Retype every line from the top of the entries down to the one with "#1=APPLICATION_CONTEXT('core data for", both included, and skip the pictures.

──────── Provided data ────────

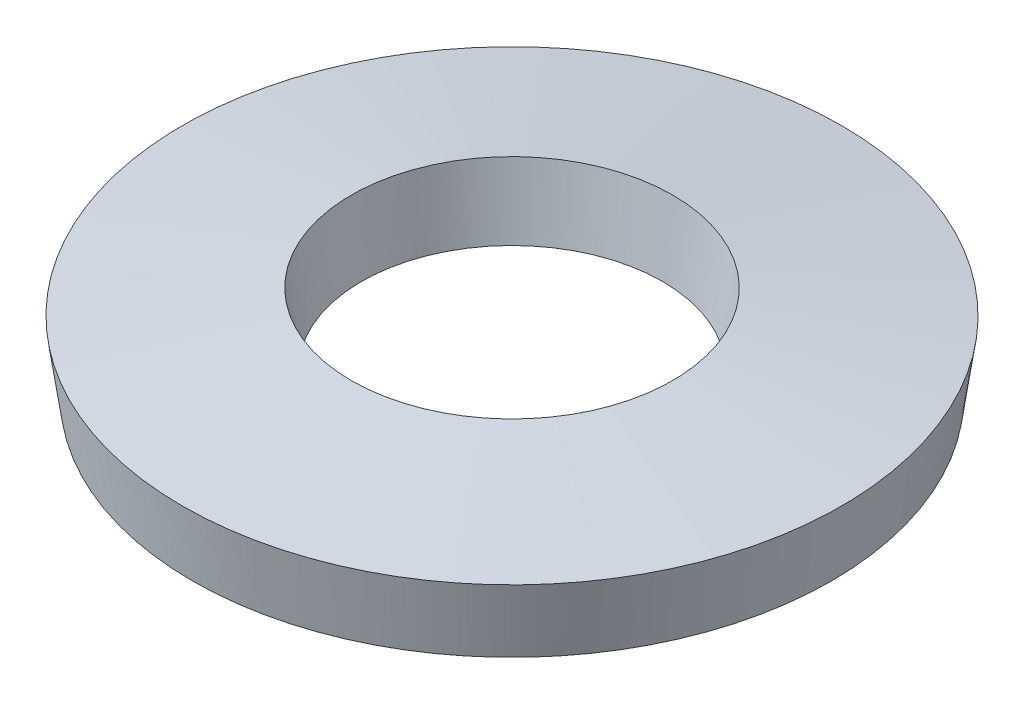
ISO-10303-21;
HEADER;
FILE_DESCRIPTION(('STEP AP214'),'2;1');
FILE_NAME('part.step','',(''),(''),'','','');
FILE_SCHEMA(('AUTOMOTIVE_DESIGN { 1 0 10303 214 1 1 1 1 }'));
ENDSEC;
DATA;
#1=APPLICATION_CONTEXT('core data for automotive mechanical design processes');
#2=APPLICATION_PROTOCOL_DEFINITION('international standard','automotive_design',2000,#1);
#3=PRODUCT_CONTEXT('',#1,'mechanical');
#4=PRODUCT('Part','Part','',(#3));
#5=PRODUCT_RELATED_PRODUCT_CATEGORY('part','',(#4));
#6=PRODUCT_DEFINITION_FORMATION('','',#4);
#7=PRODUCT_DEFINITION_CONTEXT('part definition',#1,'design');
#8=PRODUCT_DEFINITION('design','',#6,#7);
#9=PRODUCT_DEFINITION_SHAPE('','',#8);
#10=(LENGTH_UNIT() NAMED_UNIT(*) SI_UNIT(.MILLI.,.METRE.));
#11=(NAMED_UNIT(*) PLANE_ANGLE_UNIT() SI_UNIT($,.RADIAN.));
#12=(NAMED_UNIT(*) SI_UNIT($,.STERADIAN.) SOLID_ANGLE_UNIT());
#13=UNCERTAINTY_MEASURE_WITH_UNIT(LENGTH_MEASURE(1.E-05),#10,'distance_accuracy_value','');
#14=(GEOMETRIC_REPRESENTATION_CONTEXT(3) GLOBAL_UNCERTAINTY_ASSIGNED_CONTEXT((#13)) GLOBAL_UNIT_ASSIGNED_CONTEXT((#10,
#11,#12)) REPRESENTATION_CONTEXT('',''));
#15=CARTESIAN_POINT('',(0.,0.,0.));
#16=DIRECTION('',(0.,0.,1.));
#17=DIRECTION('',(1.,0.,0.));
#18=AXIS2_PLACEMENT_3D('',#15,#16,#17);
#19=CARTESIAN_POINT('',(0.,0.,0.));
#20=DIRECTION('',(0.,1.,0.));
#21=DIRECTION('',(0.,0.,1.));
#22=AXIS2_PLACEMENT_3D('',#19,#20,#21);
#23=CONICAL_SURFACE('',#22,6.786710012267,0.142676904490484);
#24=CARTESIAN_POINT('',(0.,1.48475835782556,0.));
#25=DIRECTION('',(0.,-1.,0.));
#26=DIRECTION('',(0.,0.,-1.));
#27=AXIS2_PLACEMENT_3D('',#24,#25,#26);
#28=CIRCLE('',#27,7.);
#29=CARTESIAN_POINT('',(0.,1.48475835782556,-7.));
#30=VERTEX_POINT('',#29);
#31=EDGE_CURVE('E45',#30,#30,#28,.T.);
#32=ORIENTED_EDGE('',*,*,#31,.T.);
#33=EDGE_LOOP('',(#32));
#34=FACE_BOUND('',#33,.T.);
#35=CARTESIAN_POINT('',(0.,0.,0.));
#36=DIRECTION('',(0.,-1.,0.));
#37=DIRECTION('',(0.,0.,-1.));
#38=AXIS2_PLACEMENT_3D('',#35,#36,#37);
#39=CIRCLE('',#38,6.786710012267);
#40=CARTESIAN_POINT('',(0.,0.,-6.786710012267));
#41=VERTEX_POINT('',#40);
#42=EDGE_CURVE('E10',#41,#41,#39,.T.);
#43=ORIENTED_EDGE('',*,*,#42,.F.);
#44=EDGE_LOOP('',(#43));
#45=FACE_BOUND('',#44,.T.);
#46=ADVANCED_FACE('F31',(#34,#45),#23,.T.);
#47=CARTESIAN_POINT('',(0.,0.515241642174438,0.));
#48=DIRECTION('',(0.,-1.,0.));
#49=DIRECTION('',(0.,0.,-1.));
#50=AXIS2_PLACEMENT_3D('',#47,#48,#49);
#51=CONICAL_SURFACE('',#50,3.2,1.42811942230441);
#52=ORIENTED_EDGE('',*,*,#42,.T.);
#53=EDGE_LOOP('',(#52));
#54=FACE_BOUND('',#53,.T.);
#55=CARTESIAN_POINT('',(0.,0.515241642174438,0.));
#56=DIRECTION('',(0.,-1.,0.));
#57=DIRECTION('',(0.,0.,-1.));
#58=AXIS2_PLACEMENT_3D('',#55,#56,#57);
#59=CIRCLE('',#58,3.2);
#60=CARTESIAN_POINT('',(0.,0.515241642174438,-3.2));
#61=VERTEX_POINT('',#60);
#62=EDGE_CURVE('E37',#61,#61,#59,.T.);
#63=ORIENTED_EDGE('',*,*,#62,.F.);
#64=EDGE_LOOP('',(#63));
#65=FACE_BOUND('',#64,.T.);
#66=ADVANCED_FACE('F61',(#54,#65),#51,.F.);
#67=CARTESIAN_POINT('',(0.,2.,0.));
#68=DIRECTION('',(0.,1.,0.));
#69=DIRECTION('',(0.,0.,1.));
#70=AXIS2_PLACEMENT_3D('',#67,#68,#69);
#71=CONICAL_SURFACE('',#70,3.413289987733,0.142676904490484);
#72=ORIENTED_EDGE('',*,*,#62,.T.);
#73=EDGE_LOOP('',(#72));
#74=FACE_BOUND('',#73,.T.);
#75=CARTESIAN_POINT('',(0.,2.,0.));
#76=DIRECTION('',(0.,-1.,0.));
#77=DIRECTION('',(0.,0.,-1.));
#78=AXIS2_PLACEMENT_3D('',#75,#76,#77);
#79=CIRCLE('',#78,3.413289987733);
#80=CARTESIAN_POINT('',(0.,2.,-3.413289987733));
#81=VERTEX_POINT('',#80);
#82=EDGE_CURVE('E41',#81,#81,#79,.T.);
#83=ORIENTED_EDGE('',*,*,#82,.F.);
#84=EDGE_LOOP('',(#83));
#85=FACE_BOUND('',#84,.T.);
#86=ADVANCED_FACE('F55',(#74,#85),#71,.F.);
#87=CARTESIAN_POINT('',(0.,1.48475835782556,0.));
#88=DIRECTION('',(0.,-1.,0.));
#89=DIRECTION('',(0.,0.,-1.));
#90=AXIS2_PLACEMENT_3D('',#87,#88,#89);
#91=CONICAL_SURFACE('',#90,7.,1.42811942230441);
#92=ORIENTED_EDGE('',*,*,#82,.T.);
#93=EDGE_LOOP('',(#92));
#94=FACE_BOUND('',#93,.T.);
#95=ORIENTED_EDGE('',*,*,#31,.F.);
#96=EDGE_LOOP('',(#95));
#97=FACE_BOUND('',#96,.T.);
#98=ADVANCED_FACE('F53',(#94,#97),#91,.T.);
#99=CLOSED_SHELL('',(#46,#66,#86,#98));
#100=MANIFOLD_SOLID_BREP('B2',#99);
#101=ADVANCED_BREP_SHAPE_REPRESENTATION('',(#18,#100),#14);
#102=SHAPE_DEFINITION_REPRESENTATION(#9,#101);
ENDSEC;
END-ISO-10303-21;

────────

*Result below*.
ISO-10303-21;
HEADER;
FILE_DESCRIPTION(('STEP AP214'),'2;1');
FILE_NAME('part.step','',(''),(''),'','','');
FILE_SCHEMA(('AUTOMOTIVE_DESIGN { 1 0 10303 214 1 1 1 1 }'));
ENDSEC;
DATA;
#1=APPLICATION_CONTEXT('core data for automotive mechanical design processes');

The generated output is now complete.